AutoWP addresses two challenges:

• Achieving good accuracy in Wind Power (WP) forecasting with low computational effort
• Handling regular or irregular interventions in the WP generation capabilities

Methodology

The underlying idea of AutoWP is to represent a new WP turbine as a convex linear combination of WP curves from a sufficiently diverse ensemble.

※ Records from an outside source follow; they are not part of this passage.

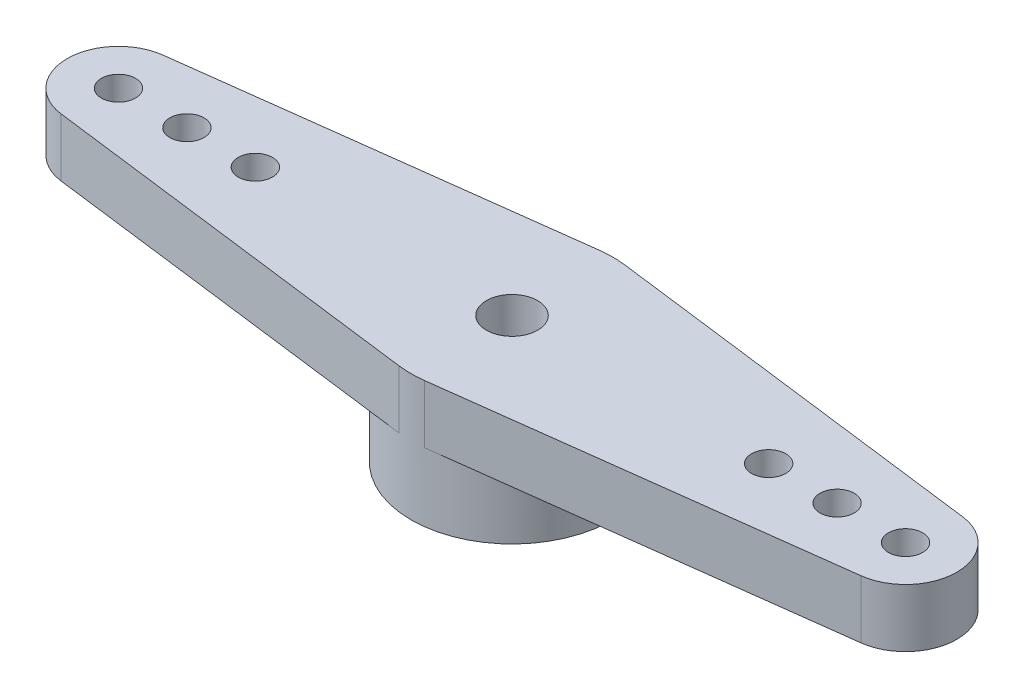
ISO-10303-21;
HEADER;
FILE_DESCRIPTION(('STEP AP214'),'2;1');
FILE_NAME('part.step','',(''),(''),'','','');
FILE_SCHEMA(('AUTOMOTIVE_DESIGN { 1 0 10303 214 1 1 1 1 }'));
ENDSEC;
DATA;
#1=APPLICATION_CONTEXT('core data for automotive mechanical design processes');
#2=APPLICATION_PROTOCOL_DEFINITION('international standard','automotive_design',2000,#1);
#3=PRODUCT_CONTEXT('',#1,'mechanical');
#4=PRODUCT('Part','Part','',(#3));
#5=PRODUCT_RELATED_PRODUCT_CATEGORY('part','',(#4));
#6=PRODUCT_DEFINITION_FORMATION('','',#4);
#7=PRODUCT_DEFINITION_CONTEXT('part definition',#1,'design');
#8=PRODUCT_DEFINITION('design','',#6,#7);
#9=PRODUCT_DEFINITION_SHAPE('','',#8);
#10=(LENGTH_UNIT() NAMED_UNIT(*) SI_UNIT(.MILLI.,.METRE.));
#11=(NAMED_UNIT(*) PLANE_ANGLE_UNIT() SI_UNIT($,.RADIAN.));
#12=(NAMED_UNIT(*) SI_UNIT($,.STERADIAN.) SOLID_ANGLE_UNIT());
#13=UNCERTAINTY_MEASURE_WITH_UNIT(LENGTH_MEASURE(1.E-05),#10,'distance_accuracy_value','');
#14=(GEOMETRIC_REPRESENTATION_CONTEXT(3) GLOBAL_UNCERTAINTY_ASSIGNED_CONTEXT((#13)) GLOBAL_UNIT_ASSIGNED_CONTEXT((#10,
#11,#12)) REPRESENTATION_CONTEXT('',''));
#15=CARTESIAN_POINT('',(0.,0.,0.));
#16=DIRECTION('',(0.,0.,1.));
#17=DIRECTION('',(1.,0.,0.));
#18=AXIS2_PLACEMENT_3D('',#15,#16,#17);
#19=CARTESIAN_POINT('',(0.,0.,0.));
#20=DIRECTION('',(0.,1.,0.));
#21=DIRECTION('',(0.,0.,1.));
#22=AXIS2_PLACEMENT_3D('',#19,#20,#21);
#23=PLANE('',#22);
#24=CARTESIAN_POINT('',(0.,0.,0.));
#25=DIRECTION('',(0.,1.,0.));
#26=DIRECTION('',(0.,0.,1.));
#27=AXIS2_PLACEMENT_3D('',#24,#25,#26);
#28=CIRCLE('',#27,2.95);
#29=CARTESIAN_POINT('',(0.,0.,2.95));
#30=VERTEX_POINT('',#29);
#31=EDGE_CURVE('E37',#30,#30,#28,.T.);
#32=ORIENTED_EDGE('',*,*,#31,.F.);
#33=EDGE_LOOP('',(#32));
#34=FACE_BOUND('',#33,.T.);
#35=CARTESIAN_POINT('',(0.,0.,0.));
#36=DIRECTION('',(0.,1.,0.));
#37=DIRECTION('',(0.,0.,1.));
#38=AXIS2_PLACEMENT_3D('',#35,#36,#37);
#39=CIRCLE('',#38,1.9);
#40=CARTESIAN_POINT('',(0.,0.,1.9));
#41=VERTEX_POINT('',#40);
#42=EDGE_CURVE('E121',#41,#41,#39,.T.);
#43=ORIENTED_EDGE('',*,*,#42,.T.);
#44=EDGE_LOOP('',(#43));
#45=FACE_BOUND('',#44,.T.);
#46=ADVANCED_FACE('F33',(#34,#45),#23,.F.);
#47=CARTESIAN_POINT('',(0.,2.,0.));
#48=DIRECTION('',(0.,-1.,0.));
#49=DIRECTION('',(0.,0.,-1.));
#50=AXIS2_PLACEMENT_3D('',#47,#48,#49);
#51=CYLINDRICAL_SURFACE('',#50,2.95);
#52=CARTESIAN_POINT('',(0.,2.,0.));
#53=DIRECTION('',(0.,1.,0.));
#54=DIRECTION('',(0.,0.,1.));
#55=AXIS2_PLACEMENT_3D('',#52,#53,#54);
#56=CIRCLE('',#55,2.95);
#57=CARTESIAN_POINT('',(0.37195652173913,2.,2.92645661952057));
#58=VERTEX_POINT('',#57);
#59=CARTESIAN_POINT('',(0.371956521739131,2.,-2.92645661952057));
#60=VERTEX_POINT('',#59);
#61=EDGE_CURVE('E11',#58,#60,#56,.T.);
#62=ORIENTED_EDGE('',*,*,#61,.F.);
#63=DIRECTION('',(0.,-1.,0.));
#64=VECTOR('',#63,1.);
#65=CARTESIAN_POINT('',(0.37195652173913,3.7,2.92645661952057));
#66=LINE('',#65,#64);
#67=CARTESIAN_POINT('',(0.37195652173913,3.7,2.92645661952057));
#68=VERTEX_POINT('',#67);
#69=EDGE_CURVE('E279',#68,#58,#66,.T.);
#70=ORIENTED_EDGE('',*,*,#69,.F.);
#71=CARTESIAN_POINT('',(0.,3.7,0.));
#72=DIRECTION('',(0.,1.,0.));
#73=DIRECTION('',(0.,0.,1.));
#74=AXIS2_PLACEMENT_3D('',#71,#72,#73);
#75=CIRCLE('',#74,2.95);
#76=CARTESIAN_POINT('',(-0.371956521739131,3.7,2.92645661952057));
#77=VERTEX_POINT('',#76);
#78=EDGE_CURVE('E253',#77,#68,#75,.T.);
#79=ORIENTED_EDGE('',*,*,#78,.F.);
#80=DIRECTION('',(0.,-1.,0.));
#81=VECTOR('',#80,1.);
#82=CARTESIAN_POINT('',(-0.371956521739131,3.7,2.92645661952057));
#83=LINE('',#82,#81);
#84=CARTESIAN_POINT('',(-0.371956521739131,2.,2.92645661952057));
#85=VERTEX_POINT('',#84);
#86=EDGE_CURVE('E282',#77,#85,#83,.T.);
#87=ORIENTED_EDGE('',*,*,#86,.T.);
#88=CARTESIAN_POINT('',(-0.371956521739131,2.,-2.92645661952057));
#89=VERTEX_POINT('',#88);
#90=EDGE_CURVE('E42',#89,#85,#56,.T.);
#91=ORIENTED_EDGE('',*,*,#90,.F.);
#92=DIRECTION('',(0.,-1.,0.));
#93=VECTOR('',#92,1.);
#94=CARTESIAN_POINT('',(-0.371956521739131,3.7,-2.92645661952057));
#95=LINE('',#94,#93);
#96=CARTESIAN_POINT('',(-0.371956521739131,3.7,-2.92645661952057));
#97=VERTEX_POINT('',#96);
#98=EDGE_CURVE('E100',#97,#89,#95,.T.);
#99=ORIENTED_EDGE('',*,*,#98,.F.);
#100=CARTESIAN_POINT('',(0.,3.7,0.));
#101=DIRECTION('',(0.,1.,0.));
#102=DIRECTION('',(0.,0.,1.));
#103=AXIS2_PLACEMENT_3D('',#100,#101,#102);
#104=CIRCLE('',#103,2.95);
#105=CARTESIAN_POINT('',(0.371956521739131,3.7,-2.92645661952057));
#106=VERTEX_POINT('',#105);
#107=EDGE_CURVE('E106',#106,#97,#104,.T.);
#108=ORIENTED_EDGE('',*,*,#107,.F.);
#109=DIRECTION('',(0.,-1.,0.));
#110=VECTOR('',#109,1.);
#111=CARTESIAN_POINT('',(0.371956521739131,3.7,-2.92645661952057));
#112=LINE('',#111,#110);
#113=EDGE_CURVE('E260',#106,#60,#112,.T.);
#114=ORIENTED_EDGE('',*,*,#113,.T.);
#115=EDGE_LOOP('',(#62,#70,#79,#87,#91,#99,#108,#114));
#116=FACE_BOUND('',#115,.T.);
#117=ORIENTED_EDGE('',*,*,#31,.T.);
#118=EDGE_LOOP('',(#117));
#119=FACE_BOUND('',#118,.T.);
#120=ADVANCED_FACE('F35',(#116,#119),#51,.T.);
#121=CARTESIAN_POINT('',(0.,2.,0.));
#122=DIRECTION('',(0.,-1.,0.));
#123=DIRECTION('',(0.,0.,-1.));
#124=AXIS2_PLACEMENT_3D('',#121,#122,#123);
#125=CYLINDRICAL_SURFACE('',#124,1.9);
#126=CARTESIAN_POINT('',(0.,2.,0.));
#127=DIRECTION('',(0.,1.,0.));
#128=DIRECTION('',(0.,0.,1.));
#129=AXIS2_PLACEMENT_3D('',#126,#127,#128);
#130=CIRCLE('',#129,1.9);
#131=CARTESIAN_POINT('',(0.,2.,1.9));
#132=VERTEX_POINT('',#131);
#133=EDGE_CURVE('E118',#132,#132,#130,.T.);
#134=ORIENTED_EDGE('',*,*,#133,.T.);
#135=EDGE_LOOP('',(#134));
#136=FACE_BOUND('',#135,.T.);
#137=ORIENTED_EDGE('',*,*,#42,.F.);
#138=EDGE_LOOP('',(#137));
#139=FACE_BOUND('',#138,.T.);
#140=ADVANCED_FACE('F137',(#136,#139),#125,.F.);
#141=CARTESIAN_POINT('',(0.,2.,0.));
#142=DIRECTION('',(0.,1.,0.));
#143=DIRECTION('',(0.,0.,1.));
#144=AXIS2_PLACEMENT_3D('',#141,#142,#143);
#145=PLANE('',#144);
#146=CARTESIAN_POINT('',(7.5,2.,0.));
#147=DIRECTION('',(0.,1.,0.));
#148=DIRECTION('',(0.,0.,-1.));
#149=AXIS2_PLACEMENT_3D('',#146,#147,#148);
#150=CIRCLE('',#149,0.500000000000001);
#151=CARTESIAN_POINT('',(7.5,2.,-0.500000000000001));
#152=VERTEX_POINT('',#151);
#153=EDGE_CURVE('E223',#152,#152,#150,.T.);
#154=ORIENTED_EDGE('',*,*,#153,.T.);
#155=EDGE_LOOP('',(#154));
#156=FACE_BOUND('',#155,.T.);
#157=CARTESIAN_POINT('',(9.5,2.,0.));
#158=DIRECTION('',(0.,1.,0.));
#159=DIRECTION('',(0.,0.,-1.));
#160=AXIS2_PLACEMENT_3D('',#157,#158,#159);
#161=CIRCLE('',#160,0.500000000000001);
#162=CARTESIAN_POINT('',(9.5,2.,-0.500000000000001));
#163=VERTEX_POINT('',#162);
#164=EDGE_CURVE('E217',#163,#163,#161,.T.);
#165=ORIENTED_EDGE('',*,*,#164,.T.);
#166=EDGE_LOOP('',(#165));
#167=FACE_BOUND('',#166,.T.);
#168=CARTESIAN_POINT('',(11.5,2.,0.));
#169=DIRECTION('',(0.,1.,0.));
#170=DIRECTION('',(0.,0.,-1.));
#171=AXIS2_PLACEMENT_3D('',#168,#169,#170);
#172=CIRCLE('',#171,0.500000000000001);
#173=CARTESIAN_POINT('',(11.5,2.,-0.500000000000001));
#174=VERTEX_POINT('',#173);
#175=EDGE_CURVE('E211',#174,#174,#172,.T.);
#176=ORIENTED_EDGE('',*,*,#175,.T.);
#177=EDGE_LOOP('',(#176));
#178=FACE_BOUND('',#177,.T.);
#179=DIRECTION('',(0.992019193057818,0.,-0.126086956521739));
#180=VECTOR('',#179,1.);
#181=CARTESIAN_POINT('',(0.371956521739131,2.,2.92645661952057));
#182=LINE('',#181,#180);
#183=CARTESIAN_POINT('',(11.6891304347826,2.,1.48802878958673));
#184=VERTEX_POINT('',#183);
#185=EDGE_CURVE('E266',#58,#184,#182,.T.);
#186=ORIENTED_EDGE('',*,*,#185,.F.);
#187=ORIENTED_EDGE('',*,*,#61,.T.);
#188=DIRECTION('',(-0.992019193057818,0.,-0.126086956521739));
#189=VECTOR('',#188,1.);
#190=CARTESIAN_POINT('',(0.371956521739131,2.,-2.92645661952057));
#191=LINE('',#190,#189);
#192=CARTESIAN_POINT('',(11.6891304347826,2.,-1.48802878958673));
#193=VERTEX_POINT('',#192);
#194=EDGE_CURVE('E115',#193,#60,#191,.T.);
#195=ORIENTED_EDGE('',*,*,#194,.F.);
#196=CARTESIAN_POINT('',(11.5,2.,0.));
#197=DIRECTION('',(0.,1.,0.));
#198=DIRECTION('',(0.,0.,-1.));
#199=AXIS2_PLACEMENT_3D('',#196,#197,#198);
#200=CIRCLE('',#199,1.5);
#201=EDGE_CURVE('E268',#184,#193,#200,.T.);
#202=ORIENTED_EDGE('',*,*,#201,.F.);
#203=EDGE_LOOP('',(#186,#187,#195,#202));
#204=FACE_BOUND('',#203,.T.);
#205=ADVANCED_FACE('F141',(#156,#167,#178,#204),#145,.F.);
#206=CARTESIAN_POINT('',(-11.5,2.,0.));
#207=DIRECTION('',(0.,1.,0.));
#208=DIRECTION('',(0.,0.,1.));
#209=AXIS2_PLACEMENT_3D('',#206,#207,#208);
#210=CIRCLE('',#209,0.500000000000001);
#211=CARTESIAN_POINT('',(-11.5,2.,0.500000000000001));
#212=VERTEX_POINT('',#211);
#213=EDGE_CURVE('E241',#212,#212,#210,.T.);
#214=ORIENTED_EDGE('',*,*,#213,.T.);
#215=EDGE_LOOP('',(#214));
#216=FACE_BOUND('',#215,.T.);
#217=CARTESIAN_POINT('',(-9.5,2.,0.));
#218=DIRECTION('',(0.,1.,0.));
#219=DIRECTION('',(0.,0.,1.));
#220=AXIS2_PLACEMENT_3D('',#217,#218,#219);
#221=CIRCLE('',#220,0.500000000000001);
#222=CARTESIAN_POINT('',(-9.5,2.,0.500000000000001));
#223=VERTEX_POINT('',#222);
#224=EDGE_CURVE('E235',#223,#223,#221,.T.);
#225=ORIENTED_EDGE('',*,*,#224,.T.);
#226=EDGE_LOOP('',(#225));
#227=FACE_BOUND('',#226,.T.);
#228=CARTESIAN_POINT('',(-7.5,2.,0.));
#229=DIRECTION('',(0.,1.,0.));
#230=DIRECTION('',(0.,0.,1.));
#231=AXIS2_PLACEMENT_3D('',#228,#229,#230);
#232=CIRCLE('',#231,0.500000000000001);
#233=CARTESIAN_POINT('',(-7.5,2.,0.500000000000001));
#234=VERTEX_POINT('',#233);
#235=EDGE_CURVE('E229',#234,#234,#232,.T.);
#236=ORIENTED_EDGE('',*,*,#235,.T.);
#237=EDGE_LOOP('',(#236));
#238=FACE_BOUND('',#237,.T.);
#239=DIRECTION('',(-0.992019193057818,0.,0.126086956521739));
#240=VECTOR('',#239,1.);
#241=CARTESIAN_POINT('',(-0.371956521739131,2.,-2.92645661952057));
#242=LINE('',#241,#240);
#243=CARTESIAN_POINT('',(-11.6891304347826,2.,-1.48802878958673));
#244=VERTEX_POINT('',#243);
#245=EDGE_CURVE('E247',#89,#244,#242,.T.);
#246=ORIENTED_EDGE('',*,*,#245,.F.);
#247=ORIENTED_EDGE('',*,*,#90,.T.);
#248=DIRECTION('',(0.992019193057818,0.,0.126086956521739));
#249=VECTOR('',#248,1.);
#250=CARTESIAN_POINT('',(-0.371956521739131,2.,2.92645661952057));
#251=LINE('',#250,#249);
#252=CARTESIAN_POINT('',(-11.6891304347826,2.,1.48802878958673));
#253=VERTEX_POINT('',#252);
#254=EDGE_CURVE('E264',#253,#85,#251,.T.);
#255=ORIENTED_EDGE('',*,*,#254,.F.);
#256=CARTESIAN_POINT('',(-11.5,2.,0.));
#257=DIRECTION('',(0.,1.,0.));
#258=DIRECTION('',(0.,0.,1.));
#259=AXIS2_PLACEMENT_3D('',#256,#257,#258);
#260=CIRCLE('',#259,1.5);
#261=EDGE_CURVE('E262',#244,#253,#260,.T.);
#262=ORIENTED_EDGE('',*,*,#261,.F.);
#263=EDGE_LOOP('',(#246,#247,#255,#262));
#264=FACE_BOUND('',#263,.T.);
#265=ADVANCED_FACE('F170',(#216,#227,#238,#264),#145,.F.);
#266=CARTESIAN_POINT('',(0.,3.7,0.));
#267=DIRECTION('',(0.,1.,0.));
#268=DIRECTION('',(0.,0.,1.));
#269=AXIS2_PLACEMENT_3D('',#266,#267,#268);
#270=PLANE('',#269);
#271=CARTESIAN_POINT('',(11.5,3.7,0.));
#272=DIRECTION('',(0.,1.,0.));
#273=DIRECTION('',(0.,0.,-1.));
#274=AXIS2_PLACEMENT_3D('',#271,#272,#273);
#275=CIRCLE('',#274,0.500000000000001);
#276=CARTESIAN_POINT('',(11.5,3.7,-0.500000000000001));
#277=VERTEX_POINT('',#276);
#278=EDGE_CURVE('E214',#277,#277,#275,.T.);
#279=ORIENTED_EDGE('',*,*,#278,.F.);
#280=EDGE_LOOP('',(#279));
#281=FACE_BOUND('',#280,.T.);
#282=CARTESIAN_POINT('',(7.5,3.7,0.));
#283=DIRECTION('',(0.,1.,0.));
#284=DIRECTION('',(0.,0.,-1.));
#285=AXIS2_PLACEMENT_3D('',#282,#283,#284);
#286=CIRCLE('',#285,0.500000000000001);
#287=CARTESIAN_POINT('',(7.5,3.7,-0.500000000000001));
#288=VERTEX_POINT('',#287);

The method consists of three steps: i) create the ensemble of normalized WP curves, ii) form the normalized ensemble WP curve by the optimally weighted sum of the WP curves in the ensemble, and iii) re-scale the ensemble WP curve with the new WP turbine’s peak power rating.

Installation

To install this project, perform the following steps.

1. Clone the project
2. Open a terminal of the virtual environment where you want to use the project
3. cd AutoWP
4. pip install . or pip install -e . if you want to install the project editable.

How to use

Exemplary evaluations using AutoWP are given in the examples folder.

Model pool

The model pool is based on a selection of 10 WP curves from the windpowerlib. The selection reduces redundancy and preserves diversity. Since these WP curves provided by turbine Original Equipment Manufacturers (OEMs) have the hub height as reference height, height correction of the wind speed forecast based on the wind profile power law is used.

Evaluation types

The offline evaluation optimizes the ensemble weights using the entire training data and does not adapt the weights over time.

Citation

If you use this method please cite the corresponding paper:

S. Meisenbacher et al, “AutoWP: Automated wind power forecasts with limited computing resources using an ensemble of diverse wind power curves”, 2024, in preparation.

Funding

This project is funded by the Helmholtz Association under the Program “Energy System Design” and the Helmholtz Association?s Initiative and Networking Fund through Helmholtz AI.

References

The example data is from the wind power forecasting track of the Global Energy Forecasting Competition (GEFCom) 2014:

T. Hong, P. Pinson, S. Fan, H. Zareipour, A. Troccoli, and R. J. Hyndman, “Probabilistic energy forecasting: Global energy forecasting competition 2014 and beyond”, International Journal of Forecasting, vol. 32, no. 3, pp. 896–913, 2016.